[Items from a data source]
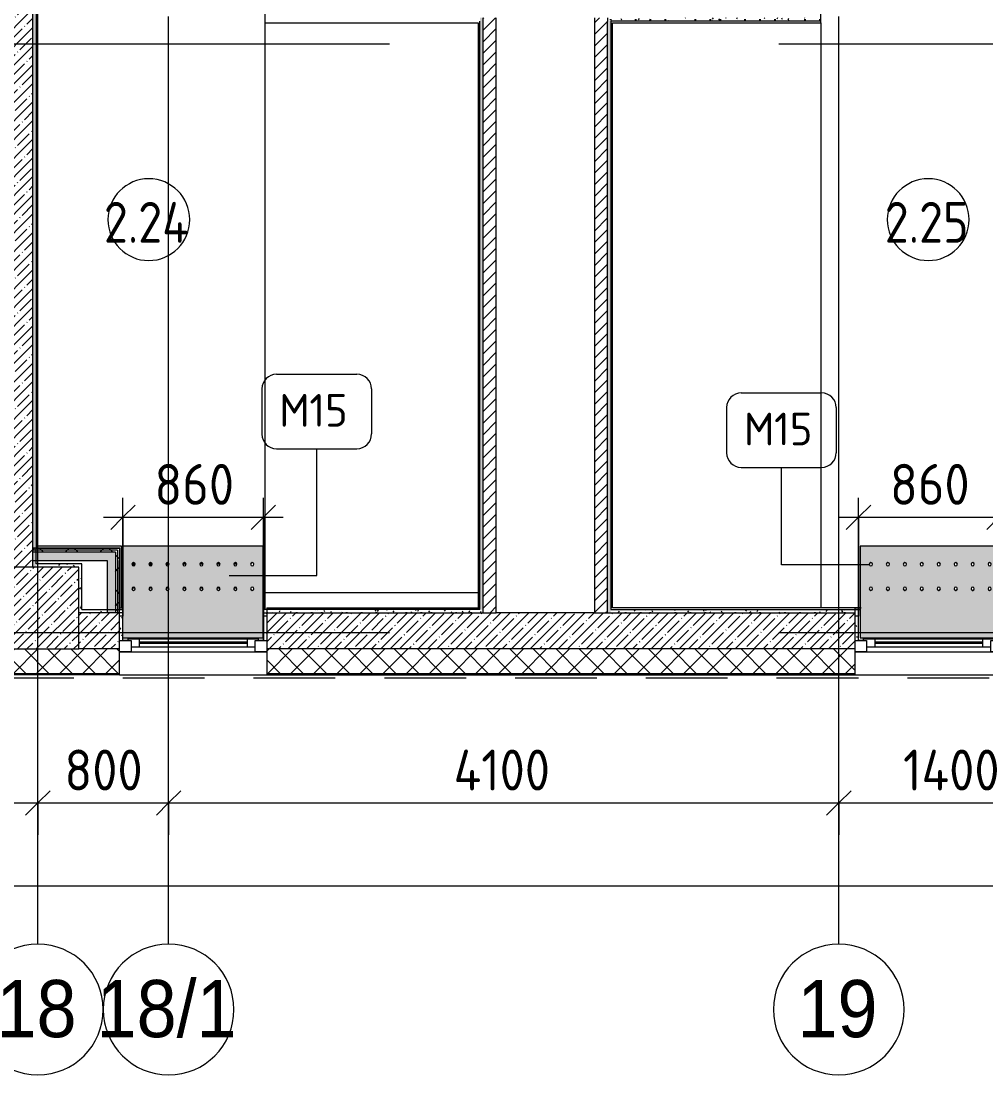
# Model space of a CAD drawing. Header units: millimetres. Extents: x -6228 to 201956, y -8553 to 30426.
# Drawn here: x 162509 to 168412, y -2706 to 3740 of the extents above; entities that cross this region are included whole.
import ezdxf

# ---------------------------------------------------------------- set-up
doc = ezdxf.new("R2010")
doc.units = ezdxf.units.MM
doc.linetypes.add('200_ШТРИХ__ш1_п0_6_', pattern=[800, 500, -300])
doc.linetypes.add('Осевая', pattern=[15875, 3175, -2381.25, 7937.5, -2381.25])
for name, color, linetype, lineweight in [('A-ANNO-DIMS', 7, 'Continuous', 9), ('A-ANNO-DIMS-100', 7, 'Continuous', 9), ('A-AREA-IDEN', 7, 'Continuous', 9), ('A-DETL-MBND-1', 7, '200_ШТРИХ__ш1_п0_6_', 9), ('A-GLAZ-2', 7, 'Continuous', 9), ('A-WALL-1', 7, 'Continuous', 9), ('A-WALL-4', 7, 'Continuous', 13), ('I-WALL-5', 7, 'Continuous', 9), ('M-EQPM-1', 7, 'Continuous', 9), ('S-COLS-2', 7, 'Continuous', 9), ('Марки для знаков', 7, 'Continuous', 9), ('Оси', 7, 'Continuous', 9), ('Оси-1', 7, 'Continuous', 20), ('Оси-2', 7, 'Осевая', 9)]:
    doc.layers.add(name, color=color, linetype=linetype, lineweight=lineweight)
for name, color, linetype, lineweight, true_color in [('A-FLOR-3', 7, 'Continuous', 9, 0xaaaaaa), ('I-WALL-1', 7, 'Continuous', 5, 0xe7e7e7), ('I-WALL-4', 7, 'Continuous', 9, 0xe7e7e7), ('I-WALL-7', 9, 'Continuous', 9, 0x808080), ('Знаки-3', 7, 'Continuous', 9, 0x383838), ('Знаки-4', 7, 'Continuous', 9, 0xddaaaa)]:
    doc.layers.add(name, color=color, linetype=linetype, lineweight=lineweight, true_color=true_color)
doc.styles.add('Arial_1', font='arial.ttf', dxfattribs={"width": 0.9, "height": 350})
doc.styles.add('GOST Common', font='GOST_Common.ttf', dxfattribs={"width": 0.9, "height": 250})
doc.styles.add('GOST Common_1', font='GOST_Common.ttf', dxfattribs={"height": 200})
doc.styles.add('ISOCPEUR_1', font='isocpeur.ttf', dxfattribs={"width": 0.9, "height": 250})
doc.dimstyles.new('ISO-2_5_0_9К_БОЛЬШОЙ', dxfattribs={"dimscale": 304.8, "dimtxt": 248.995294, "dimasz": 0.492126, "dimexe": 0.393701, "dimexo": 0.984252, "dimgap": 0, "dimtad": 1, "dimdec": 0, "dimrnd": 10, "dimzin": 0, "dimdsep": 46, "dimtxsty": 'ISOCPEUR_1', "dimblk1": 'OBLIQUE', "dimblk2": 'OBLIQUE', "dimsah": 1, "dimcen": 0.09, "dimdle": 0.393701, "dimazin": 0, "dimtfac": 1, "dimtdec": 4, "dimtix": 1, "dimtmove": 0, "dimatfit": 3, "dimfxl": 1, "dimtvp": 1, "dimtolj": 1, "dimtzin": 0, "dimarcsym": 2})
doc.dimstyles.new('ISO-2_5_0_9К_БОЛЬШОЙ_округление', dxfattribs={"dimscale": 304.8, "dimtxt": 248.995294, "dimasz": 0.492126, "dimexe": 0.393701, "dimexo": 0, "dimgap": 0, "dimtad": 1, "dimdec": 0, "dimrnd": 10, "dimzin": 0, "dimdsep": 46, "dimtxsty": 'ISOCPEUR_1', "dimblk1": 'OBLIQUE', "dimblk2": 'OBLIQUE', "dimsah": 1, "dimcen": 0.09, "dimdle": 0.393701, "dimazin": 0, "dimtfac": 1, "dimtdec": 4, "dimtix": 1, "dimtmove": 0, "dimatfit": 3, "dimfxl": 1, "dimtvp": 1, "dimtolj": 1, "dimtzin": 0, "dimarcsym": 2})
pattern_1 = [(45, (96951.9, 0), (-57.02463, 57.02463), []), (45, (97008.92, 0), (-57.02463, 57.02463), [100.806, -20.161, 3.353, -16.808])]
pattern_2 = [(45, (96951.896, 0), (-35.35534, 35.35534), [])]
pattern_3 = [(0, (96951.896, 0), (121.92, 30.48), [10.058, -81.382, 10.058, -81.382, -487.68]), (0, (96951.896, 0), (121.92, 30.48), [-182.88, 10.058, -172.822, 10.058, -81.382, -213.36]), (0, (96951.896, 0), (121.92, 30.48), [-457.2, 10.058, -50.902, 10.058, -142.342]), (120, (96997.616, 15.24), (-87.356454, 90.345817), [10.058, -81.382, 10.058, -81.382, -487.68]), (120, (96997.616, 15.24), (-87.356454, 90.345817), [-182.88, 10.058, -172.822, 10.058, -81.382, -213.36]), (120, (96997.616, 15.24), (-87.356454, 90.345817), [-457.2, 10.058, -50.902, 10.058, -142.342]), (240, (97012.856, 76.2), (-34.563546, -120.825817), [10.058, -81.382, 10.058, -81.382, -487.68]), (240, (97012.856, 76.2), (-34.563546, -120.825817), [-182.88, 10.058, -172.822, 10.058, -81.382, -213.36]), (240, (97012.856, 76.2), (-34.563546, -120.825817), [-457.2, 10.058, -50.902, 10.058, -142.342])]
pattern_4 = [(45, (96951.9, 0), (-106.06602, 106.06602), []), (135, (96951.9, 0), (-106.06602, -106.06602), [])]

# ---------------------------------------------------------------- blocks, each defined once
blk = doc.blocks.new('BSC_Колонна _Прямоугольная - 500х500-V181-План зашивки приборов отопления в осях 1 этажа 12-23')
at = {"layer": 'S-COLS-2'}
h = blk.add_hatch(dxfattribs=at)
h.set_pattern_fill('FP_151', color=256, style=0, pattern_type=2)
h.set_pattern_definition([(45, (-65660, -150), (-57.02463, 57.02463), []), (45, (-65602.975, -150), (-57.02463, 57.02463), [100.806, -20.161, 3.353, -16.808])])
h.paths.add_polyline_path([(-250, -250), (250, -250), (250, 250), (-250, 250), (-250, 184.4)])
for p, q in [((250, 250), (-250, 250)), ((-250, 250), (-250, -250)), ((250, -250), (250, 250)), ((-250, -250), (250, -250))]:
    blk.add_line(p, q, dxfattribs=at)
blk = doc.blocks.new('120_Окно_СКБ_1Ст - 120_Окно_СКБ_1Ст 900х2500_h_-22445987-План зашивки приборов отопления в осях 1 этажа 12-23')
at = {"layer": 'A-GLAZ-2'}
for p, q in [((-450, -127), (-450, -57)), ((-450, -57), (-380, -57)), ((450, -57), (-450, -57)), ((-380, -57), (-380, -127)), ((380, -127), (380, -57)), ((380, -57), (450, -57)), ((450, -57), (450, -127)), ((-380, -127), (-450, -127)), ((-430, -127), (-400, -127)), ((-380, -127), (-400, -127)), ((-400, -127), (-400, -137)), ((380, -87), (-380, -87)), ((-380, -87), (-380, -127)), ((-330, -137), (-330, -87)), ((-330, -107), (330, -107)), ((330, -117), (-330, -117)), ((330, -137), (330, -87)), ((380, -127), (380, -87)), ((450, -127), (380, -127)), ((400, -127), (380, -127)), ((400, -127), (430, -127)), ((400, -137), (400, -127)), ((-400, -137), (400, -137)), ((400, -137), (-400, -137))]:
    blk.add_line(p, q, dxfattribs=at)
blk = doc.blocks.new('radiator_prado_classic_z_tip_30_po exemplyaru - Classic Z Тип 30-500-V234-План зашивки приборов отопления в осях 1 этажа 12-23')
at = {"layer": 'M-EQPM-1'}
for p, q in [((36.6, 228), (17.3, 228)), ((17.3, 228), (36.6, 228)), ((36.6, 228), (17.3, 228)), ((17.3, 228), (36.6, 228)), ((32.5, 223), (17.5, 223)), ((17.5, 223), (32.5, 223)), ((32.5, 223), (36.8, 227.3)), ((36.8, 227.3), (32.5, 223)), ((132.5, 223), (121.1, 223)), ((121.1, 223), (132.5, 223)), ((140.4, 228), (121.2, 228)), ((121.2, 228), (137.5, 228)), ((137.5, 228), (121.2, 228)), ((121.2, 228), (137.5, 228)), ((132.5, 223), (137.5, 228)), ((137.5, 228), (132.5, 223)), ((137.5, 228), (140.4, 228)), ((232.5, 223), (224.9, 223)), ((224.9, 223), (232.5, 223)), ((244.1, 228), (225, 228)), ((225, 228), (237.5, 228)), ((237.5, 228), (225, 228)), ((225, 228), (237.5, 228)), ((232.5, 223), (237.5, 228)), ((237.5, 228), (232.5, 223)), ((237.5, 228), (244.1, 228)), ((332.5, 223), (328.6, 223)), ((328.6, 223), (332.5, 223)), ((347.9, 228), (328.7, 228)), ((328.7, 228), (337.5, 228)), ((337.5, 228), (328.7, 228)), ((328.7, 228), (337.5, 228)), ((332.5, 223), (337.5, 228)), ((337.5, 228), (332.5, 223)), ((337.5, 228), (347.9, 228)), ((451.6, 228), (432.5, 228)), ((432.5, 228), (437.5, 228)), ((437.5, 228), (432.5, 228)), ((432.5, 228), (437.5, 228)), ((432.5, 223), (437.5, 228)), ((437.5, 228), (432.5, 223)), ((437.5, 228), (451.6, 228)), ((536, 226.5), (537.5, 228)), ((537.5, 228), (536, 226.5)), ((555.4, 228), (536.2, 228)), ((536.2, 228), (537.5, 228)), ((537.5, 228), (536.2, 228)), ((536.2, 228), (537.5, 228)), ((537.5, 228), (555.4, 228)), ((659.1, 228), (640, 228)), ((640, 228), (659.1, 228)), ((23.1, 82), (19.8, 82)), ((19.8, 82), (28.8, 82)), ((26.9, 82), (19.8, 82)), ((19.8, 82), (32.5, 82)), ((34.4, 82), (19.8, 82)), ((19.8, 82), (31.5, 82)), ((28.8, 82), (23.1, 82)), ((28.8, 82), (26.9, 82)), ((30.3, 82), (28.8, 82)), ((28.8, 82), (30.3, 82)), ((32.2, 82), (28.8, 82)), ((32.5, 82), (30.3, 82)), ((30.3, 82), (31.5, 82)), ((31.5, 82), (32.2, 82)), ((32.2, 82), (32.5, 82)), ((32.5, 82), (32.2, 82)), ((32.5, 82), (32.5, 83.5)), ((32.5, 82), (32.5, 83.5)), ((32.5, 82), (34.4, 82)), ((138.1, 82), (123.5, 82)), ((123.5, 82), (138.1, 82)), ((241.9, 82), (227.3, 82)), ((227.3, 82), (241.9, 82)), ((345.6, 82), (331, 82)), ((331, 82), (345.6, 82)), ((449.4, 82), (434.8, 82)), ((434.8, 82), (449.4, 82)), ((553.1, 82), (538.5, 82)), ((538.5, 82), (553.1, 82)), ((656.9, 82), (642.3, 82)), ((642.3, 82), (656.9, 82))]:
    blk.add_line(p, q, dxfattribs=at)
blk = doc.blocks.new('radiator_prado_classic_z_tip_30_po exemplyaru - Classic Z Тип 30-500-V235-План зашивки приборов отопления в осях 1 этажа 12-23')
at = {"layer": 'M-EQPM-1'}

**What is needed**.
Which lines above carry the string "linetypes"? Copy those lines.

**Solution for this task**.
doc.linetypes.add('200_ШТРИХ__ш1_п0_6_', pattern=[800, 500, -300])
doc.linetypes.add('Осевая', pattern=[15875, 3175, -2381.25, 7937.5, -2381.25])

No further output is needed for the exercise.